Data entries
##########

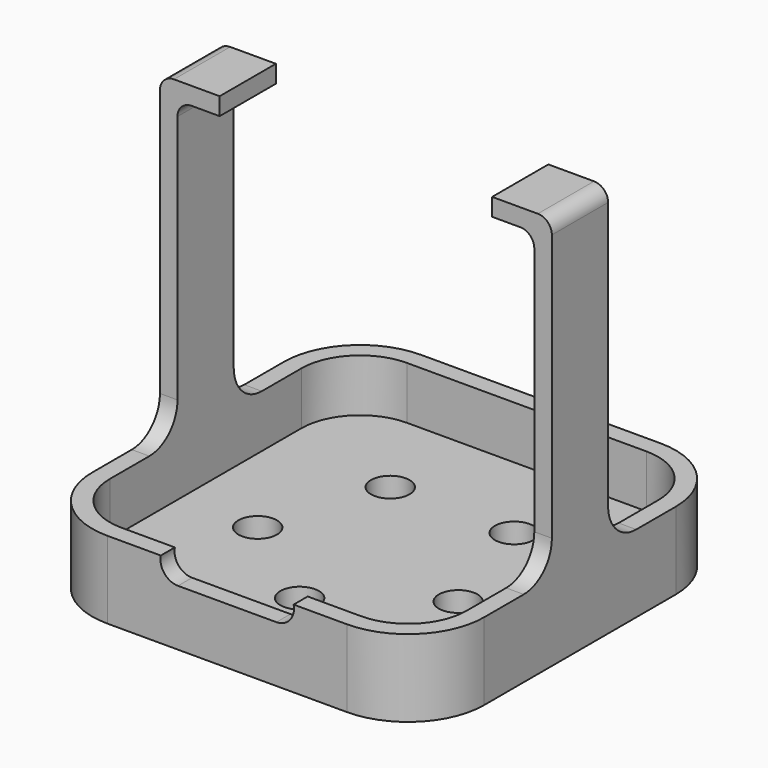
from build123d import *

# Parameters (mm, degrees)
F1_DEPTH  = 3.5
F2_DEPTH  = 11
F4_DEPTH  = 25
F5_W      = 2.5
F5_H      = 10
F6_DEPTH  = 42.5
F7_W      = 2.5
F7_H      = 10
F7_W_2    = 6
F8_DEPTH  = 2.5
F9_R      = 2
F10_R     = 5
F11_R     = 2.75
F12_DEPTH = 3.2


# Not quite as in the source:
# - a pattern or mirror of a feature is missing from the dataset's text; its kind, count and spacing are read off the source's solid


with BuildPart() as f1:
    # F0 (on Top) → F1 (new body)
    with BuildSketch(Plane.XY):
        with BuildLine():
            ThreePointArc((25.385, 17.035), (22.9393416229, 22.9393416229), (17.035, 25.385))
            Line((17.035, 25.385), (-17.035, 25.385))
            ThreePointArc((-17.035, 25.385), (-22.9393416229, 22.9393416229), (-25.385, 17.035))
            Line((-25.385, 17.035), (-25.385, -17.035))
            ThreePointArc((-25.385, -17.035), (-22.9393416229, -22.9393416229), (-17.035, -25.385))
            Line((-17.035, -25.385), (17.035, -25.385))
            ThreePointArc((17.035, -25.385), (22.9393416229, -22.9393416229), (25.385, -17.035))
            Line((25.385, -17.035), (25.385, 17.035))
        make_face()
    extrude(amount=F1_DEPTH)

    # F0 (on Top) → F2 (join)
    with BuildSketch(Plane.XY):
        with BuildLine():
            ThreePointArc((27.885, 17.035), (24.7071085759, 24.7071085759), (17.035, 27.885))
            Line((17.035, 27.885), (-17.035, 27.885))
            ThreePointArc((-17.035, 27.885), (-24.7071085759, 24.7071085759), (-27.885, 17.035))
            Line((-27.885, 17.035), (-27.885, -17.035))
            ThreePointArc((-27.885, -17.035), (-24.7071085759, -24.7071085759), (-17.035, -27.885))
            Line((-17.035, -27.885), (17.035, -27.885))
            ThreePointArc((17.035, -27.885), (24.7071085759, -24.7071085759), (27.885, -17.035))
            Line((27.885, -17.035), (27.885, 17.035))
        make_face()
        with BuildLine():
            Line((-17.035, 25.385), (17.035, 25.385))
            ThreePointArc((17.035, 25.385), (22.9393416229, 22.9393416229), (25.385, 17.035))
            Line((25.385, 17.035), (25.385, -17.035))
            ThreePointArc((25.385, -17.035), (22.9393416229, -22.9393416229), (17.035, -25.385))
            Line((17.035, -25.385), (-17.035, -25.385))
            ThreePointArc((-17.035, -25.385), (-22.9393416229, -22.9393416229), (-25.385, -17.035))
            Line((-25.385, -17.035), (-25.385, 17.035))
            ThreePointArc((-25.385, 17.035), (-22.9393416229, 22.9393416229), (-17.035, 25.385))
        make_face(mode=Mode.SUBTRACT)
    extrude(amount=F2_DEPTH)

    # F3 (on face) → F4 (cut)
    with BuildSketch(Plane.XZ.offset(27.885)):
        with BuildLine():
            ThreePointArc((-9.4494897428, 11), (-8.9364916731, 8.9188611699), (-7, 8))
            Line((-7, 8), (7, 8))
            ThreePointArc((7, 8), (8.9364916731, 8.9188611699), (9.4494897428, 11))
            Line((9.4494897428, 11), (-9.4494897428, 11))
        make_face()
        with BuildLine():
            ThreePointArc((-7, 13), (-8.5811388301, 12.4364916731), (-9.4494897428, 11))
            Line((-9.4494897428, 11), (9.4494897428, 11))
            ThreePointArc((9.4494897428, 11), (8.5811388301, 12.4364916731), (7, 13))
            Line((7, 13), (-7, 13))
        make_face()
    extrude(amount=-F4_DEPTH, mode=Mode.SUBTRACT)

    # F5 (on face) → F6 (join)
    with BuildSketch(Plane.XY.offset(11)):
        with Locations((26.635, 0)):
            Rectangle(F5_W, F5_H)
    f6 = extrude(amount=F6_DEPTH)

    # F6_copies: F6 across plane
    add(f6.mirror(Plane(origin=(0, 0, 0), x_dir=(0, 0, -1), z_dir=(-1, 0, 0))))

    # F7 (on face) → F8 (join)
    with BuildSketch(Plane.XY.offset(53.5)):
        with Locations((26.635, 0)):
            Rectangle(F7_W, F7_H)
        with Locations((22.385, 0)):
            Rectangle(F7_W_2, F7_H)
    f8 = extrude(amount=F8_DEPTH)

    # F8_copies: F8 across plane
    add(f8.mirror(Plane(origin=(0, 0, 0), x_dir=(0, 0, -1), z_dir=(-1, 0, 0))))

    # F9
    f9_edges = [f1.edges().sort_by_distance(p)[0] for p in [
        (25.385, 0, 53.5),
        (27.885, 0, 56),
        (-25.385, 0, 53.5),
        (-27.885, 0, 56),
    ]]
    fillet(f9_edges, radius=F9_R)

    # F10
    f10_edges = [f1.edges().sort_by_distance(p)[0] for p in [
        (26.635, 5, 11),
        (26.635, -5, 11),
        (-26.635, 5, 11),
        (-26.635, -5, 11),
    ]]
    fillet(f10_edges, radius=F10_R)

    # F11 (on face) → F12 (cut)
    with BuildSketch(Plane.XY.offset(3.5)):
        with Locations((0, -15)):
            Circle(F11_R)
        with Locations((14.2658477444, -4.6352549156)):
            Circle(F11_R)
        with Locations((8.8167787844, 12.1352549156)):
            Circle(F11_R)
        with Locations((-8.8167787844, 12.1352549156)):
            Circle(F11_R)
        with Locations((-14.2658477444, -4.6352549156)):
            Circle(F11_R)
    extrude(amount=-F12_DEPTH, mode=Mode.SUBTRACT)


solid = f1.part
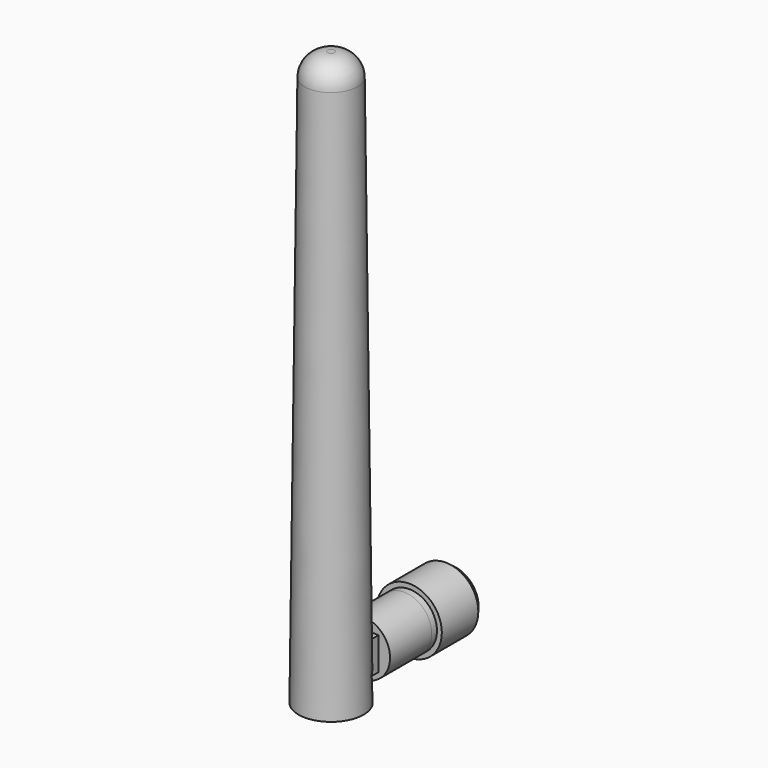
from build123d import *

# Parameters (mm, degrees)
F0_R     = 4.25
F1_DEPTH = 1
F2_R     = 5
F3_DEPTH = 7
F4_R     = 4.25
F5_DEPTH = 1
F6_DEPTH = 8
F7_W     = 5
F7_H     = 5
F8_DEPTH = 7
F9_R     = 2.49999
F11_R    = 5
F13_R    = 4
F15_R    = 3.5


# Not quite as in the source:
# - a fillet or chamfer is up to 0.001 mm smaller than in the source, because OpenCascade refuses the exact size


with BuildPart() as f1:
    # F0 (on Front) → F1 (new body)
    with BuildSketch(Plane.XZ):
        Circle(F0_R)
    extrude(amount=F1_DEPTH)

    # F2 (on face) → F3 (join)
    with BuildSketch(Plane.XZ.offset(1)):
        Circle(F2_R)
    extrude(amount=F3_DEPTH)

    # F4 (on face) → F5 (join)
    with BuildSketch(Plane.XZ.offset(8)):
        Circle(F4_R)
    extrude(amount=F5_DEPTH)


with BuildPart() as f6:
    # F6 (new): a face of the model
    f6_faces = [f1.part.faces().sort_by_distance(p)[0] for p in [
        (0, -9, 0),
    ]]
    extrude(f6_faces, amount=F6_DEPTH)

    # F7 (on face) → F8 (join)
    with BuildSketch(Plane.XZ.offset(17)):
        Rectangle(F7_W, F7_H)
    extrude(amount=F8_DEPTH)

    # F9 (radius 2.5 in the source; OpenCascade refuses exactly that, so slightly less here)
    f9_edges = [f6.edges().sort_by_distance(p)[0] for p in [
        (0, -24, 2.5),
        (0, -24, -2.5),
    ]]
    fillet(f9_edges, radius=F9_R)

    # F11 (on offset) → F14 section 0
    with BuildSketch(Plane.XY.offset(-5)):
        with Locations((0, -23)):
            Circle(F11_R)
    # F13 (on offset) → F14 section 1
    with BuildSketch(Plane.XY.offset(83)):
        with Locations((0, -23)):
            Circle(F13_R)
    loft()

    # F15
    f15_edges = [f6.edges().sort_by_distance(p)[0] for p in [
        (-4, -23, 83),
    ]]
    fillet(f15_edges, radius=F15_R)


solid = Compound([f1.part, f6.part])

##########

Every line above in which the word "extrude" occurs is to be copied.

* Solution to the exercise
    extrude(amount=F1_DEPTH)
    extrude(amount=F2_DEPTH)
    extrude(amount=-F4_DEPTH, mode=Mode.SUBTRACT)
    f6 = extrude(amount=F6_DEPTH)
    f8 = extrude(amount=F8_DEPTH)
    extrude(amount=-F12_DEPTH, mode=Mode.SUBTRACT)
    extrude(amount=F1_DEPTH)
    extrude(amount=F3_DEPTH)
    extrude(amount=F5_DEPTH)
    extrude(f6_faces, amount=F6_DEPTH)
    extrude(amount=F8_DEPTH)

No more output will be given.